Content starts

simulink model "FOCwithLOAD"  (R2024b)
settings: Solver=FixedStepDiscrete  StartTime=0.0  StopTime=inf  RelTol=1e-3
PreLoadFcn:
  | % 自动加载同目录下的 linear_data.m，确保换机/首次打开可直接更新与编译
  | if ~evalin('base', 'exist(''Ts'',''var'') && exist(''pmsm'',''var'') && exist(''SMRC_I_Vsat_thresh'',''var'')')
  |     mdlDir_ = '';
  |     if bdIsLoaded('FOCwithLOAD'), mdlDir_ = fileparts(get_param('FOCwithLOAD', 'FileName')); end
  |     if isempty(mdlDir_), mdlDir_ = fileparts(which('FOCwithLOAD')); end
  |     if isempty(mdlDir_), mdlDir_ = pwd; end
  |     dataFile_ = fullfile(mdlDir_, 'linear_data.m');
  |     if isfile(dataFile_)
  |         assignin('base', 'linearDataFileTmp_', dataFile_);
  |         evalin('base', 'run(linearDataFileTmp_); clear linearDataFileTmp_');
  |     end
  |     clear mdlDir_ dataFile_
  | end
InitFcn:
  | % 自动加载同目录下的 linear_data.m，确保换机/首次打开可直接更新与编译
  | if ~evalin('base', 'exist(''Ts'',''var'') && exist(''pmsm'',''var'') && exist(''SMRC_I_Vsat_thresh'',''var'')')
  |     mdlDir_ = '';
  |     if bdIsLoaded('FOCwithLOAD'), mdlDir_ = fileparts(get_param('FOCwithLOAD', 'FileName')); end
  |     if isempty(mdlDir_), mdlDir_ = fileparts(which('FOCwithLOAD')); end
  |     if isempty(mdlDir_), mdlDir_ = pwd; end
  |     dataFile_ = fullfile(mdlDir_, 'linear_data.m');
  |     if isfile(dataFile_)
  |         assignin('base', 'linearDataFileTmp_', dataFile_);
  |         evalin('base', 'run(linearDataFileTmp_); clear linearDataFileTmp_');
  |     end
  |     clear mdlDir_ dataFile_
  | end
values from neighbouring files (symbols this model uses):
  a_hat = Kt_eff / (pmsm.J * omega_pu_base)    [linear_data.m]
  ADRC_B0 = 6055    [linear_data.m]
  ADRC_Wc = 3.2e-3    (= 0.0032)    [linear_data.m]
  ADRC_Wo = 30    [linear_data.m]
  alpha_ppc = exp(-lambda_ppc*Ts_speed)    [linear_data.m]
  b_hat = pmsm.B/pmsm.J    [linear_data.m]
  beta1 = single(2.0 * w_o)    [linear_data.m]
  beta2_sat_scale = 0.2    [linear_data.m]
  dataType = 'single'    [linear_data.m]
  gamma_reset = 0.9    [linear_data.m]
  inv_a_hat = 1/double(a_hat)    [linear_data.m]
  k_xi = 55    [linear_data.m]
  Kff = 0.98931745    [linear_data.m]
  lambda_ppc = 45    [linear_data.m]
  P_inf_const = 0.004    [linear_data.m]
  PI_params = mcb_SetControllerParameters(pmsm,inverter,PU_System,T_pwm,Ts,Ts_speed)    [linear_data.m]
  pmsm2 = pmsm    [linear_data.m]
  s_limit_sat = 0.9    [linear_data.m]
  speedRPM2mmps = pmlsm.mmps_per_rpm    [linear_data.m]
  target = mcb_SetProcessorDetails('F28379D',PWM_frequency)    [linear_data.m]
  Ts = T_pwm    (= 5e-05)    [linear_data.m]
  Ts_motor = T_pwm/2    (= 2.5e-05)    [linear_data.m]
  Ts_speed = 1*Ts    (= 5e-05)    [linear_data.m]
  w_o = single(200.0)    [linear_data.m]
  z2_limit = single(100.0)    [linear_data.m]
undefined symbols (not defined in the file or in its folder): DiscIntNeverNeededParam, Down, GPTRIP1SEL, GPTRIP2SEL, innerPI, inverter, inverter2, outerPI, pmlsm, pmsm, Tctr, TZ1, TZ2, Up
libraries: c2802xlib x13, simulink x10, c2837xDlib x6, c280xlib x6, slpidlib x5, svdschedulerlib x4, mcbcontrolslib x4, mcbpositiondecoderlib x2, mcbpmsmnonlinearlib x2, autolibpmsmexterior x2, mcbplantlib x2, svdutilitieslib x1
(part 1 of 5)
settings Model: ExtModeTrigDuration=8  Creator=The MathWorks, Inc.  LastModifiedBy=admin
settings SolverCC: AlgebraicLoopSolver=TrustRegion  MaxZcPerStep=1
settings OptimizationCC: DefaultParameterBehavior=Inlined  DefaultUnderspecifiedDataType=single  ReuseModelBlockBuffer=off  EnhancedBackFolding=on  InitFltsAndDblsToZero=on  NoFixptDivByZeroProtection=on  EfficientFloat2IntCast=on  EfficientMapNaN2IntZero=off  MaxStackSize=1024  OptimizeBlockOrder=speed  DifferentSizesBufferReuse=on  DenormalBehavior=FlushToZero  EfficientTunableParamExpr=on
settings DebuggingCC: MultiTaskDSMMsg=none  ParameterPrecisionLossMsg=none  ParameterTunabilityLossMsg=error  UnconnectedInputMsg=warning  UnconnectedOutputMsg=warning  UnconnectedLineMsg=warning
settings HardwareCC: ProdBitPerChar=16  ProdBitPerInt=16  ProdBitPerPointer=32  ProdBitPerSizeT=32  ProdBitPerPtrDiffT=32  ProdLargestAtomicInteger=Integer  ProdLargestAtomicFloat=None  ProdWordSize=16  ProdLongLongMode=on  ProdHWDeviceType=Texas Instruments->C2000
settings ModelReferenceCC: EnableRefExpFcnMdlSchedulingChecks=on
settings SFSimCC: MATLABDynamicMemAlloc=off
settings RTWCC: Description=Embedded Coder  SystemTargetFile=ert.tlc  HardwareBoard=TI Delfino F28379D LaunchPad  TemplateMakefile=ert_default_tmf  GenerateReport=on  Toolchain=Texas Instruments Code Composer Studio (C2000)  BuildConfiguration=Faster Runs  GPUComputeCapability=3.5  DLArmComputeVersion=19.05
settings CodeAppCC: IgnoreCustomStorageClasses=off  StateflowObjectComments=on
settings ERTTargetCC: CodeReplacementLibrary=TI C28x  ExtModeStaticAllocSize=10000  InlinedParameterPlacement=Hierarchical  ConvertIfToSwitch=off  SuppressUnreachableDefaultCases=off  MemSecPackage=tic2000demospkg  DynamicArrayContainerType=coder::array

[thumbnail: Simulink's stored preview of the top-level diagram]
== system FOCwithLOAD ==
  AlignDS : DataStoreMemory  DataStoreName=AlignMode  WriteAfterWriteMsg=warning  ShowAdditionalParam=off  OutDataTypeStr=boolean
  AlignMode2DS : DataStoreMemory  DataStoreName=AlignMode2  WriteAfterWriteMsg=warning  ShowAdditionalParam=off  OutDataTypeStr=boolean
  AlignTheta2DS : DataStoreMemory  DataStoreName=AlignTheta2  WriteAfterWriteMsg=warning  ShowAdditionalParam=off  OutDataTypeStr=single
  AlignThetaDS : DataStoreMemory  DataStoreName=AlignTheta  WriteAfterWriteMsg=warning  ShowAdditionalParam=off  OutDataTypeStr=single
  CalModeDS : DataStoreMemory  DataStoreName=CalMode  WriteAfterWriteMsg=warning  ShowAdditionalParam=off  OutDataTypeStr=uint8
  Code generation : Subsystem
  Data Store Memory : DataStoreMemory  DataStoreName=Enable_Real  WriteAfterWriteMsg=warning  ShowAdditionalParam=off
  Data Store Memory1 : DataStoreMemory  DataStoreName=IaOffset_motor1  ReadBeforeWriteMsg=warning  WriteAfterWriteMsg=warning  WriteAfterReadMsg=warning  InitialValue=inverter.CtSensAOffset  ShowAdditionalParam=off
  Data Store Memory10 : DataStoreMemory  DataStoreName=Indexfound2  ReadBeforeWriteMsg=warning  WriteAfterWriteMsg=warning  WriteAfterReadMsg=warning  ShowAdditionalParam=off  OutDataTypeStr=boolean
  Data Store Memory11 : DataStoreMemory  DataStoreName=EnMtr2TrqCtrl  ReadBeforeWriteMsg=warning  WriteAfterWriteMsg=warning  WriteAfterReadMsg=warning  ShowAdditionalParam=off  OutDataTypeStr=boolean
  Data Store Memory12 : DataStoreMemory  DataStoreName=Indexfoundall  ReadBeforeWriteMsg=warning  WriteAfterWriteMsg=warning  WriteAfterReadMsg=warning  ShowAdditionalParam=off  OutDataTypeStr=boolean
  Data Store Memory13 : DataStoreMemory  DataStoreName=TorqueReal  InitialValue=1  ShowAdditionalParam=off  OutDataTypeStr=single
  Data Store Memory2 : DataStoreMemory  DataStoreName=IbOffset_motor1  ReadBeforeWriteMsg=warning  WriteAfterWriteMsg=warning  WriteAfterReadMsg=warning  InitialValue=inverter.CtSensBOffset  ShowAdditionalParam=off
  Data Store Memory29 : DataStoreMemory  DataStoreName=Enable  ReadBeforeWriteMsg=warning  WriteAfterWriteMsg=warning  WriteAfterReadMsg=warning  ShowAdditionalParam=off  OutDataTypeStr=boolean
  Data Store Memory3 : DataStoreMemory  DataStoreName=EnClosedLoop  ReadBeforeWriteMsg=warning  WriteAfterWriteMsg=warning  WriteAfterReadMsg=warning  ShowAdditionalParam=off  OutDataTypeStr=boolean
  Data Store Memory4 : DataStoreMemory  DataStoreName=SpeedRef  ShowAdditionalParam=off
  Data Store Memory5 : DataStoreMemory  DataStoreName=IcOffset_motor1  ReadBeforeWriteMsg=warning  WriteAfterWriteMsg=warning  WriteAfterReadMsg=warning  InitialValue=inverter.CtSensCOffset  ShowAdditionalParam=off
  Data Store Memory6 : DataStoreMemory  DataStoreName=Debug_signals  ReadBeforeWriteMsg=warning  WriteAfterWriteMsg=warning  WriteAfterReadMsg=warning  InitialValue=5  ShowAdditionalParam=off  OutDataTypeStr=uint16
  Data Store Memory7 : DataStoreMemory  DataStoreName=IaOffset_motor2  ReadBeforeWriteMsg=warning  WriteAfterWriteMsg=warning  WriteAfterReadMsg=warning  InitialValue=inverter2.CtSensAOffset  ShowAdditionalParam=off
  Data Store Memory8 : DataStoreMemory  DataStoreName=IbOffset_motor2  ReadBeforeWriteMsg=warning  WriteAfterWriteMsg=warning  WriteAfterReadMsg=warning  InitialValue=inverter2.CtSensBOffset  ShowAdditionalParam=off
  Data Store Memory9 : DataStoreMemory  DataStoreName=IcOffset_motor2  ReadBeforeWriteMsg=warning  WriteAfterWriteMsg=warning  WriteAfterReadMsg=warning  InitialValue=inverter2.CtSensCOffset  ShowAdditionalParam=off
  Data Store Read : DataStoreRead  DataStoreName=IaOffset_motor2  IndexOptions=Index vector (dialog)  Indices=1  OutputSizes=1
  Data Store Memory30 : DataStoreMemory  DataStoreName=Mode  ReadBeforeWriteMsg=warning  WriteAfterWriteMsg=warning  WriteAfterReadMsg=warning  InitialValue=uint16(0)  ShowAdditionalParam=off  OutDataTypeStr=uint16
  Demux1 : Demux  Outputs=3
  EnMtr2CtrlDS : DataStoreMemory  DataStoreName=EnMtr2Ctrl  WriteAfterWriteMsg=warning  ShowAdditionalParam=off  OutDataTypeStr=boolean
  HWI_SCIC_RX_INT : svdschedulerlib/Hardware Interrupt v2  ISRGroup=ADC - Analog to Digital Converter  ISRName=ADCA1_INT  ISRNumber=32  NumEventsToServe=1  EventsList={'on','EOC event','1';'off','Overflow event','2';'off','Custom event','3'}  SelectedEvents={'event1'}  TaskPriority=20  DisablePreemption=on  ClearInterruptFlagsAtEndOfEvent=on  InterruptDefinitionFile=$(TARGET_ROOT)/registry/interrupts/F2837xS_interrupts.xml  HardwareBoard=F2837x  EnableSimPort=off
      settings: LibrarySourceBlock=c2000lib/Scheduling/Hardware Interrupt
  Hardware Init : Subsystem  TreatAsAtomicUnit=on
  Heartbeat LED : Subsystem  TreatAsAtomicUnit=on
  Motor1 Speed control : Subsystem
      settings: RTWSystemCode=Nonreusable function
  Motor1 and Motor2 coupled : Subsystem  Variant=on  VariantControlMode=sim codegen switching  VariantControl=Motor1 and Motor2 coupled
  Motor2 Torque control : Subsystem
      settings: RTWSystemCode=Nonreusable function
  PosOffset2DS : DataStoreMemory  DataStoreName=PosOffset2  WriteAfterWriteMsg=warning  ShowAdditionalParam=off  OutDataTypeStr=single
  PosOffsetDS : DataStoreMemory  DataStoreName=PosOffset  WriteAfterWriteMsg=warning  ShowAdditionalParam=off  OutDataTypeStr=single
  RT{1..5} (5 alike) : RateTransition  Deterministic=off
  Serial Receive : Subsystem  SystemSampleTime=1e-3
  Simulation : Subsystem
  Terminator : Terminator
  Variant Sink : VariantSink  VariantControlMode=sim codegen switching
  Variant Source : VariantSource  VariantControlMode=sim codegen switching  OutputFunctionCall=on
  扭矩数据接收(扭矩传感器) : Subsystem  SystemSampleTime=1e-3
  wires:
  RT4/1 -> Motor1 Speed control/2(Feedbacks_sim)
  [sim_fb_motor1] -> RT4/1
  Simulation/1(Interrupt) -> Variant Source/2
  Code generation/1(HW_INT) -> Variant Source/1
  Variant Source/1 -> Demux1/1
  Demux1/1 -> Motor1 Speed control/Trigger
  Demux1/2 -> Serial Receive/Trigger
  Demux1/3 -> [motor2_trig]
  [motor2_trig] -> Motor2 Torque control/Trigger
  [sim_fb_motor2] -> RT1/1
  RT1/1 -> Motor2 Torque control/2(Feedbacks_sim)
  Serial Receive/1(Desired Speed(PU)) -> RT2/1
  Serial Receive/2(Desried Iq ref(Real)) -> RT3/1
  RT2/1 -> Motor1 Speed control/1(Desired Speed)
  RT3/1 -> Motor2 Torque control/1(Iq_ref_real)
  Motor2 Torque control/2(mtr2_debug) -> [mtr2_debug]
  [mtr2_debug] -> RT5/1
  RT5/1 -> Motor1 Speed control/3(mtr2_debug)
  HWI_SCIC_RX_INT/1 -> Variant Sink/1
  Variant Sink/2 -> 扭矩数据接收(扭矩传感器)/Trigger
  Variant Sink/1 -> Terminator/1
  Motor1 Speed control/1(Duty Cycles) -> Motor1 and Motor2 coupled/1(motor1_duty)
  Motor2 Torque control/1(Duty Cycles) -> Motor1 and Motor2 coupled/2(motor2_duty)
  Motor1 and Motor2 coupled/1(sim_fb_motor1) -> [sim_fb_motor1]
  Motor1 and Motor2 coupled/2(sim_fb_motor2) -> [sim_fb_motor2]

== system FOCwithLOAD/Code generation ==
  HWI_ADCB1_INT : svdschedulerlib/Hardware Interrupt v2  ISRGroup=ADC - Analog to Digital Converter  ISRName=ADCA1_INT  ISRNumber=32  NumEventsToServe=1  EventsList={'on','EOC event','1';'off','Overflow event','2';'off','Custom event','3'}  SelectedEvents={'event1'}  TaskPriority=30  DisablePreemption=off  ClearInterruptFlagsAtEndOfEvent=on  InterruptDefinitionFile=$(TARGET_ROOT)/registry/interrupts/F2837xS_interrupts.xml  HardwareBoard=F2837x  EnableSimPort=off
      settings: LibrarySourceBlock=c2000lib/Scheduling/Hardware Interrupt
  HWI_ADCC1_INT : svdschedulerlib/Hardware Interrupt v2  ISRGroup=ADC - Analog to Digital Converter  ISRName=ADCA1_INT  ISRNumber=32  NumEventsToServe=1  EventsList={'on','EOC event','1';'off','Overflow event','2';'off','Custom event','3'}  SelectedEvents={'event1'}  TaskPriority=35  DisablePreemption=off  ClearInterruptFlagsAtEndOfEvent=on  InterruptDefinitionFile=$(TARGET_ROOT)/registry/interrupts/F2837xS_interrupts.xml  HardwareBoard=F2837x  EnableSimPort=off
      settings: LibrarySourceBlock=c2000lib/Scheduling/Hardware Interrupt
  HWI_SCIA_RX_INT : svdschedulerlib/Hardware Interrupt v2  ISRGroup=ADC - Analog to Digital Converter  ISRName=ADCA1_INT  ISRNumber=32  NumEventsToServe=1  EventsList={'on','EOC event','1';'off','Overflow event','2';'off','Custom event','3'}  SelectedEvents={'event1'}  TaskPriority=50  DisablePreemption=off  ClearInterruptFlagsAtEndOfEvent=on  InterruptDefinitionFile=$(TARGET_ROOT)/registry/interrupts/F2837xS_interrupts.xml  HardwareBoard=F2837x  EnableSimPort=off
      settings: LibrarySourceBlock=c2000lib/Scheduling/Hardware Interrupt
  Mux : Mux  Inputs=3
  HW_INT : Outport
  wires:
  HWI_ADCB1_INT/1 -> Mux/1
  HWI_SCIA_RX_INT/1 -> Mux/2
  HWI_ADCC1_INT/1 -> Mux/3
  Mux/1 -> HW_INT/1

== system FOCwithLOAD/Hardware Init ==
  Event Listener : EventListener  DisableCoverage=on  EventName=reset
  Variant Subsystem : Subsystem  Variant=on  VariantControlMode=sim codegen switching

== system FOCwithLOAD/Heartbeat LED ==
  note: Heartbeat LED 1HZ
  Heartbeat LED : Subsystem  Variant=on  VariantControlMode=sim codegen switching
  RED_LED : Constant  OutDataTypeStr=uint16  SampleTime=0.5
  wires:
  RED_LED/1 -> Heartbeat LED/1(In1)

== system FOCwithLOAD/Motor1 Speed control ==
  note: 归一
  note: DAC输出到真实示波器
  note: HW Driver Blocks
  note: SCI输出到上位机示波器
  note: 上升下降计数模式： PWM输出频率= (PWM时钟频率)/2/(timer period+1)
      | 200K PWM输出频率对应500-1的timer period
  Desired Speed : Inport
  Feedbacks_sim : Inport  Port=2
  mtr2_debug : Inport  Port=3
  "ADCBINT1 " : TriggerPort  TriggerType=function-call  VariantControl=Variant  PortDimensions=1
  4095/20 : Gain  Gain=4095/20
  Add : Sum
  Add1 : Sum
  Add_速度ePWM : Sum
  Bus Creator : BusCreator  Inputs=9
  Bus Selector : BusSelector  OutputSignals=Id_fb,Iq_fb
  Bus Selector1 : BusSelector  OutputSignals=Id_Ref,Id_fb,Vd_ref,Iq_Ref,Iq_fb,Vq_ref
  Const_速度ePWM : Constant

Content ends

Find the line with "Demux1 : Demux" in the entries above. Retype it and each line after it, exactly, through the line with "[motor2_trig] -> Motor2", and stop there.

  Demux1 : Demux  Outputs=3
  EnMtr2CtrlDS : DataStoreMemory  DataStoreName=EnMtr2Ctrl  WriteAfterWriteMsg=warning  ShowAdditionalParam=off  OutDataTypeStr=boolean
  HWI_SCIC_RX_INT : svdschedulerlib/Hardware Interrupt v2  ISRGroup=ADC - Analog to Digital Converter  ISRName=ADCA1_INT  ISRNumber=32  NumEventsToServe=1  EventsList={'on','EOC event','1';'off','Overflow event','2';'off','Custom event','3'}  SelectedEvents={'event1'}  TaskPriority=20  DisablePreemption=on  ClearInterruptFlagsAtEndOfEvent=on  InterruptDefinitionFile=$(TARGET_ROOT)/registry/interrupts/F2837xS_interrupts.xml  HardwareBoard=F2837x  EnableSimPort=off
      settings: LibrarySourceBlock=c2000lib/Scheduling/Hardware Interrupt
  Hardware Init : Subsystem  TreatAsAtomicUnit=on
  Heartbeat LED : Subsystem  TreatAsAtomicUnit=on
  Motor1 Speed control : Subsystem
      settings: RTWSystemCode=Nonreusable function
  Motor1 and Motor2 coupled : Subsystem  Variant=on  VariantControlMode=sim codegen switching  VariantControl=Motor1 and Motor2 coupled
  Motor2 Torque control : Subsystem
      settings: RTWSystemCode=Nonreusable function
  PosOffset2DS : DataStoreMemory  DataStoreName=PosOffset2  WriteAfterWriteMsg=warning  ShowAdditionalParam=off  OutDataTypeStr=single
  PosOffsetDS : DataStoreMemory  DataStoreName=PosOffset  WriteAfterWriteMsg=warning  ShowAdditionalParam=off  OutDataTypeStr=single
  RT{1..5} (5 alike) : RateTransition  Deterministic=off
  Serial Receive : Subsystem  SystemSampleTime=1e-3
  Simulation : Subsystem
  Terminator : Terminator
  Variant Sink : VariantSink  VariantControlMode=sim codegen switching
  Variant Source : VariantSource  VariantControlMode=sim codegen switching  OutputFunctionCall=on
  扭矩数据接收(扭矩传感器) : Subsystem  SystemSampleTime=1e-3
  wires:
  RT4/1 -> Motor1 Speed control/2(Feedbacks_sim)
  [sim_fb_motor1] -> RT4/1
  Simulation/1(Interrupt) -> Variant Source/2
  Code generation/1(HW_INT) -> Variant Source/1
  Variant Source/1 -> Demux1/1
  Demux1/1 -> Motor1 Speed control/Trigger
  Demux1/2 -> Serial Receive/Trigger
  Demux1/3 -> [motor2_trig]
  [motor2_trig] -> Motor2 Torque control/Trigger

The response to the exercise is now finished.